Material provided —
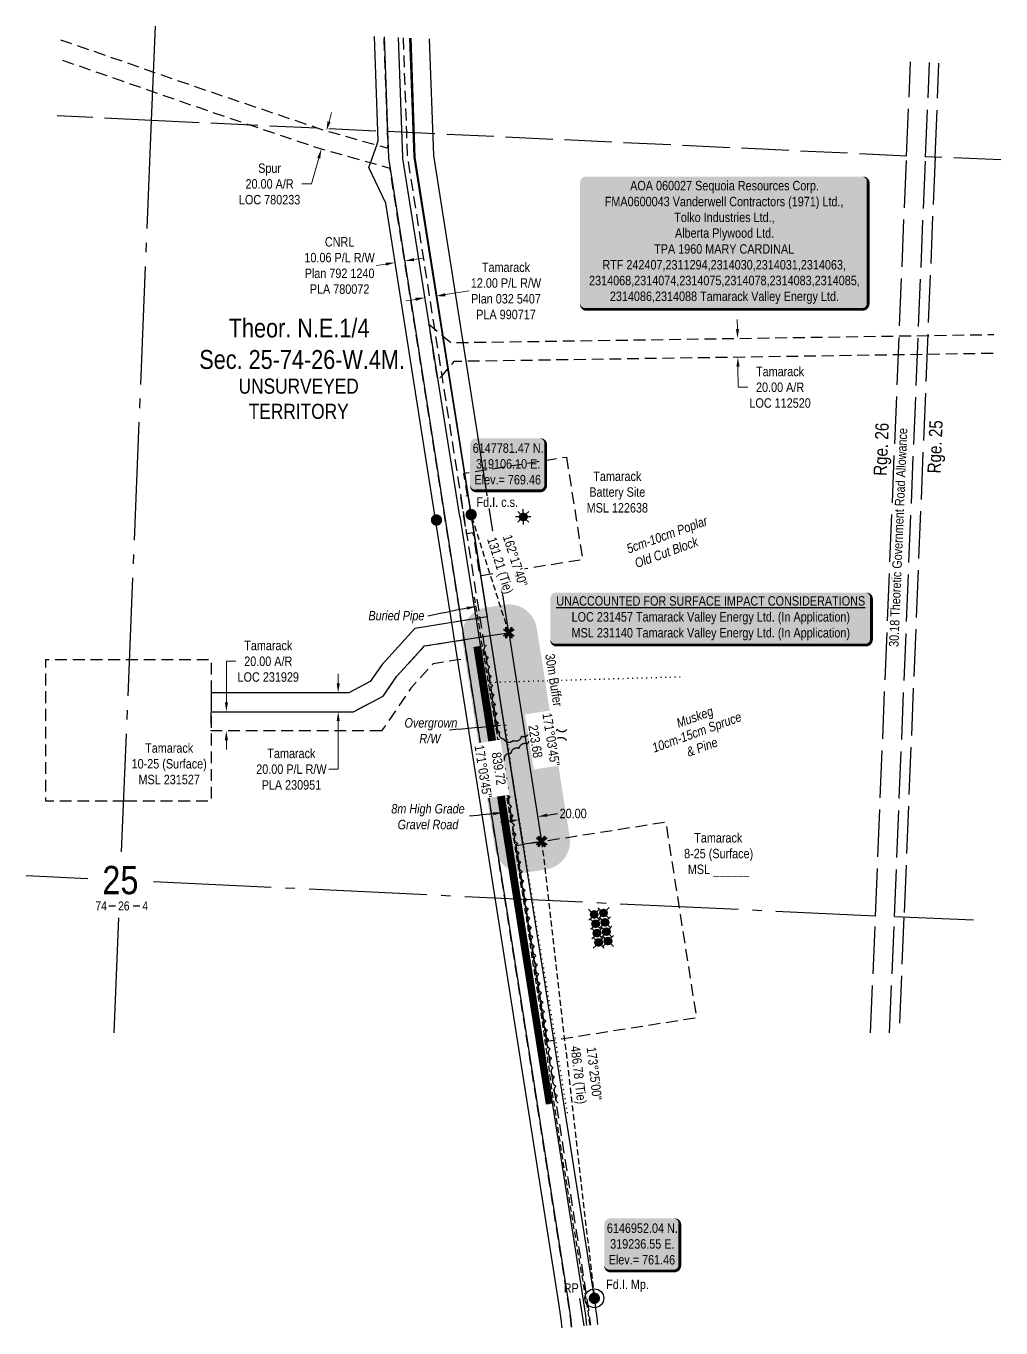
# Model space of a CAD drawing. Extents: x 318110 to 322058, y 6146921 to 6150164.
# Drawn here: x 318635 to 319667, y 6146921 to 6148299 of the extents above; entities that cross this region are included whole.
import ezdxf
from ezdxf.enums import TextEntityAlignment as Align

# ---------------------------------------------------------------- set-up
doc = ezdxf.new("R2010")
doc.units = 0
doc.header["$LTSCALE"] = 5
doc.header["$PDSIZE"] = 0.5
for name, pattern in [('0', [1, 1, 0]), ('foc-ACCESSROAD', [3.75, 2.5, -1.25]), ('foc-QUARTERLINE', [33, 25, -3, 2, -3]), ('foc-TIELINE', [1.875, 1.25, -0.625]), ('foc-TOPO', [1, 0.2, -0.8]), ('foc-UNSURVEYED', [12.5, 10, -2.5]), ('UG_PIPE', [1.875, 1.25, -0.625])]:
    doc.linetypes.add(name, pattern=pattern)
doc.layers.get('Defpoints').update_dxf_attribs({"color": 9})
for name, color, linetype in [('10', 1, 'Continuous'), ('35', 37, 'Continuous'), ('9', 3, 'Continuous'), ('AS-PIPE-UG', 44, 'UG_PIPE'), ('AS-PIPE-UG-T', 44, 'Continuous'), ('AS-ROADS', 254, 'Continuous'), ('AS-SURFACE IMPACT', 7, 'Continuous'), ('C-AR', 13, 'foc-ACCESSROAD'), ('C-RW', 13, 'Continuous'), ('C-SYMBOL', 7, 'Continuous'), ('C-WS', 13, 'foc-ACCESSROAD'), ('C-WS-S', 13, 'Continuous'), ('D-TXT', 6, 'Continuous'), ('DETAIL-T', 7, 'Continuous'), ('F-AR', 190, 'foc-ACCESSROAD'), ('F-RW', 190, 'Continuous'), ('L-BD', 7, 'Continuous'), ('L-MON', 1, 'Continuous'), ('L-QSEC', 8, 'foc-QUARTERLINE'), ('L-ROAD-T', 7, 'Continuous'), ('L-SECLBL', 7, 'Continuous'), ('L-TIE', 7, 'foc-TIELINE'), ('L-TIE-T', 7, 'Continuous'), ('L-UNS-T', 3, 'Continuous'), ('L-USEC', 7, 'foc-UNSURVEYED'), ('P-BUFFER-H 30m', 51, 'Continuous'), ('P-BUFFER-T', 40, 'Continuous'), ('P-PROPOSED', 10, 'Continuous'), ('P-PROPOSED-H', 21, 'Continuous'), ('P-TXT', 4, 'Continuous'), ('T-BUSH', 110, '0'), ('T-BUSH-T', 110, 'Continuous'), ('T-VEGETATION CHANGE', 104, 'foc-TOPO')]:
    doc.layers.add(name, color=color, linetype=linetype)
for name, color, linetype, lineweight in [('C-AR-T', 13, 'Continuous', 9), ('C-RW-T', 13, 'Continuous', 9), ('C-WS-T', 13, 'Continuous', 9), ('F-AR-T', 190, 'Continuous', 9), ('F-RW-T', 190, 'Continuous', 9), ('T-TEXT', 48, 'Continuous', 18)]:
    doc.layers.add(name, color=color, linetype=linetype, lineweight=lineweight)
doc.styles.add('175L', font='ARIALN.TTF', dxfattribs={"height": 20})
doc.styles.add('80', font='ARIALN.TTF', dxfattribs={"height": 10})
doc.styles.add('80CG', font='ARIALN.TTF', dxfattribs={"height": 10})
doc.styles.add('80L', font='ARIALN.TTF', dxfattribs={"height": 10})
doc.styles.add('80LS', font='ARIALNI.TTF', dxfattribs={"height": 10})
doc.styles.add('SIMPLEX', font='ARIALN.TTF')
doc.dimstyles.new('Compass 5 000', dxfattribs={"dimscale": 5, "dimtxt": 9, "dimasz": 2, "dimexe": 0.2, "dimexo": 0.0625, "dimgap": 0.5, "dimtad": 0, "dimtih": 1, "dimtoh": 1, "dimzin": 0, "dimdsep": 46, "dimtxsty": '80CG', "dimcen": 0.1, "dimse1": 1, "dimse2": 1, "dimclrd": 256, "dimclrt": 256, "dimaunit": 1, "dimadec": 4, "dimazin": 0, "dimtfac": 0.06, "dimtofl": 0, "dimtmove": 0, "dimatfit": 1, "dimfxl": 0.2, "dimtolj": 1, "dimtzin": 0, "dimlwd": -1, "dimarcsym": 0})

# ---------------------------------------------------------------- blocks, each defined once
blk = doc.blocks.new('L-SECLBL')
at = {"layer": '9', "color": 7}
for p, q in [((-5.1, -27.8), (-12.3, -27.8)), ((20.7, -27.8), (13.5, -27.8))]:
    blk.add_line(p, q, dxfattribs=at)
at = {"layer": '10', "color": 2, "style": 'SIMPLEX'}
blk.add_attdef('SEC', text='', height=30, dxfattribs=at).set_placement((0, 0), align=Align.MIDDLE)
at = {"layer": '10', "color": 5, "style": '80L'}
blk.add_attdef('TWP', text='', height=9.5, dxfattribs=at).set_placement((-14.4, -27.4), align=Align.MIDDLE_RIGHT)
blk.add_attdef('RGE', text='', height=9.5, dxfattribs=at).set_placement((3.6, -27.4), align=Align.MIDDLE_CENTER)
blk.add_attdef('MER', text='', height=9.5, dxfattribs=at).set_placement((23.2, -27.4), align=Align.MIDDLE_LEFT)
blk = doc.blocks.new('*U32')
h = blk.add_hatch(color=255)
edge = h.paths.add_edge_path()
edge.add_line((-146.5, -71), (146.5, -71))
edge.add_arc((146.5, -65), 6, 270, 360)
edge.add_line((152.5, -65), (152.5, 63.5))
edge.add_arc((146.5, 63.5), 6, 0, 90)
edge.add_line((146.5, 69.5), (-146.5, 69.5))
edge.add_arc((-146.5, 63.5), 6, 90, 180)
edge.add_line((-152.5, 63.5), (-152.5, -65))
edge.add_arc((-146.5, -65), 6, 180, 270)
at = {"color": 44, "flags": 128}
blk.add_lwpolyline([(-146.5, -71, 3, 3, 0), (146.5, -71, 3, 3, 0.414214), (152.5, -65, 3, 3, 0), (152.5, 63.5, 3, 0, 0.414214), (146.5, 69.5, 0, 0, 0), (-146.5, 69.5, 0, 0, 0.414214), (-152.5, 63.5, 0, 0, 0), (-152.5, -65, 0, 3, 0.414214)], format="xyseb", close=True, dxfattribs=at)
at = {"color": 44, "style": '80'}
blk.add_attdef('ENTER_TEXT_001', (-36, -5), '', height=10, dxfattribs=at)
blk = doc.blocks.new('*D28')
at = {"layer": 'C-AR-T', "transparency": 16777216}
for p, q in [((319388, 6147978), (319387.9, 6147988)), ((319388.6, 6147938), (319388.9, 6147916.2)), ((319388.9, 6147916.2), (319398.9, 6147916.2))]:
    blk.add_line(p, q, dxfattribs=at)
for points in [[(319389.7, 6147978), (319386.4, 6147978), (319388.2, 6147968)], [(319390.3, 6147938), (319387, 6147938), (319388.5, 6147948)]]:
    blk.add_solid(points, dxfattribs=at)
at = {"layer": 'Defpoints', "color": 0, "transparency": 16777216}
for p in [(319388.2, 6147968), (319429.2, 6147968.6), (319429.5, 6147948.6)]:
    blk.add_point(p, dxfattribs=at)
at = {"layer": 'C-AR-T', "transparency": 16777216, "insert": (319433.2, 6147916.2), "char_height": 10, "attachment_point": 5, "style": '80CG'}
blk.add_mtext('\\A1;Tamarack \\P20.00 A/R\\PLOC 112520', dxfattribs=at)
blk = doc.blocks.new('*U33')
h = blk.add_hatch(color=255)
edge = h.paths.add_edge_path()
edge.add_line((-164, -28.5), (164, -28.5))
edge.add_arc((164, -22.5), 6, 270, 360)
edge.add_line((170, -22.5), (170, 21))
edge.add_arc((164, 21), 6, 0, 90)
edge.add_line((164, 27), (-164, 27))
edge.add_arc((-164, 21), 6, 90, 180)
edge.add_line((-170, 21), (-170, -22.5))
edge.add_arc((-164, -22.5), 6, 180, 270)
at = {"color": 1, "flags": 128}
blk.add_lwpolyline([(-164, -28.5, 3, 3, 0), (164, -28.5, 3, 3, 0.414214), (170, -22.5, 3, 3, 0), (170, 21, 3, 0, 0.414214), (164, 27, 0, 0, 0), (-164, 27, 0, 0, 0.414214), (-170, 21, 0, 0, 0), (-170, -22.5, 0, 3, 0.414214)], format="xyseb", close=True, dxfattribs=at)
for points in [[(-64.6, -21.3, 0, 7.5, 0), (0, 0, 0, 0, 0)], [(61.8, -18.7, 0, 7.5, 0), (0, 0, 0, 0, 0)]]:
    blk.add_lwpolyline(points, format="xyseb", dxfattribs=at)
at = {"color": 1, "style": '80'}
blk.add_attdef('ENTER_TEXT_001', (-26.8, -4.9), '', height=10, dxfattribs=at)
blk = doc.blocks.new('*D29')
at = {"layer": 'Defpoints', "color": 0, "transparency": 16777216}
for p in [(318972, 6148182.3), (318947.5, 6148168.4), (318966.5, 6148163)]:
    blk.add_point(p, dxfattribs=at)
at = {"layer": 'F-AR-T', "transparency": 16777216}
for p, q in [((318955.6, 6148197.3), (318958.3, 6148206.9)), ((318944.7, 6148158.8), (318937, 6148131.4)), ((318937, 6148131.4), (318927, 6148131.4))]:
    blk.add_line(p, q, dxfattribs=at)
for points in [[(318954, 6148197.8), (318957.2, 6148196.8), (318952.9, 6148187.7)], [(318943.1, 6148159.2), (318946.3, 6148158.3), (318947.5, 6148168.4)]]:
    blk.add_solid(points, dxfattribs=at)
at = {"layer": 'F-AR-T', "transparency": 16777216, "insert": (318892.7, 6148131.4), "char_height": 10, "attachment_point": 5, "style": '80CG'}
blk.add_mtext('\\A1;Spur\\P20.00 A/R^JLOC 780233', dxfattribs=at)
blk = doc.blocks.new('GAS')
h = blk.add_hatch(color=255)
h.dxf.hatch_style = 1
edge = h.paths.add_edge_path()
edge.add_arc((0, 0), 0.9, 0, 360)
for p, q in [((-0.81, 0), (-1.62, 0)), ((-0.57, 0.57), (-1.14, 1.14)), ((0, 0.81), (0, 1.62)), ((0.57, 0.57), (1.14, 1.14)), ((1.62, 0), (0.81, 0)), ((-0.57, -0.57), (-1.14, -1.14)), ((0, -0.81), (0, -1.62)), ((1.14, -1.14), (0.57, -0.57))]:
    blk.add_line(p, q)
blk.add_circle((0, 0), 0.8)
blk = doc.blocks.new('*D30')
at = {"layer": 'Defpoints', "color": 0, "transparency": 16777216}
for p in [(319025.7, 6148048.2), (319025.8, 6148047.3), (319035.8, 6148048.8)]:
    blk.add_point(p, dxfattribs=at)
at = {"layer": 'F-RW-T', "transparency": 16777216}
for p, q in [((319015.8, 6148046.6), (319005.9, 6148045.1)), ((319045.5, 6148051.3), (319055.4, 6148052.9))]:
    blk.add_line(p, q, dxfattribs=at)
for points in [[(319015.5, 6148048.3), (319016.1, 6148045), (319025.7, 6148048.2)], [(319045.3, 6148053), (319045.8, 6148049.7), (319035.6, 6148049.8)]]:
    blk.add_solid(points, dxfattribs=at)
at = {"layer": 'F-RW-T', "transparency": 16777216, "insert": (318966.8, 6148045.1), "char_height": 10, "attachment_point": 5, "style": '80CG'}
blk.add_mtext('\\A1;CNRL\\P10.06 P/L R/W\\PPlan 792 1240\\PPLA 780072', dxfattribs=at)
blk = doc.blocks.new('*D31')
at = {"layer": 'C-RW-T', "transparency": 16777216}
for p, q in [((319078.8, 6148014.3), (319103.9, 6148018.2)), ((319047.1, 6148009.3), (319037.3, 6148007.8))]:
    blk.add_line(p, q, dxfattribs=at)
for points in [[(319078.5, 6148015.9), (319079, 6148012.6), (319068.9, 6148012.7)], [(319046.9, 6148011), (319047.4, 6148007.7), (319057, 6148010.9)]]:
    blk.add_solid(points, dxfattribs=at)
at = {"layer": 'Defpoints', "color": 0, "transparency": 16777216}
for p in [(319068.9, 6148012.7), (319059.5, 6147994.8), (319071.4, 6147996.7)]:
    blk.add_point(p, dxfattribs=at)
at = {"layer": 'C-RW-T', "transparency": 16777216, "insert": (319143, 6148018.2), "char_height": 10, "attachment_point": 5, "style": '80CG', "bg_fill": 3, "box_fill_scale": 1.1, "bg_fill_color": 256, "bg_fill_true_color": 13158600, "bg_fill_transparency": 0}
blk.add_mtext('\\A1;Tamarack\\P12.00 P/L R/W\\PPlan 032 5407\\PPLA 990717', dxfattribs=at)
blk = doc.blocks.new('fdia')
at = {"color": 255, "const_width": 1}
blk.add_lwpolyline([(-0.5, 0, 1), (0.5, 0, 1)], format="xyb", close=True, dxfattribs=at)
blk = doc.blocks.new('Fdiaa')
blk.add_blockref('fdia', (0, 0))
blk = doc.blocks.new('fdib')
at = {"color": 1, "const_width": 1.6}
blk.add_lwpolyline([(-0.4, 0, 1), (0.4, 0, 1)], format="xyb", close=True, dxfattribs=at)
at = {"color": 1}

Exercise objective —
Search the entries for the word "flags" and show every line that has it.

Completed task —
at = {"color": 44, "flags": 128}
at = {"color": 1, "flags": 128}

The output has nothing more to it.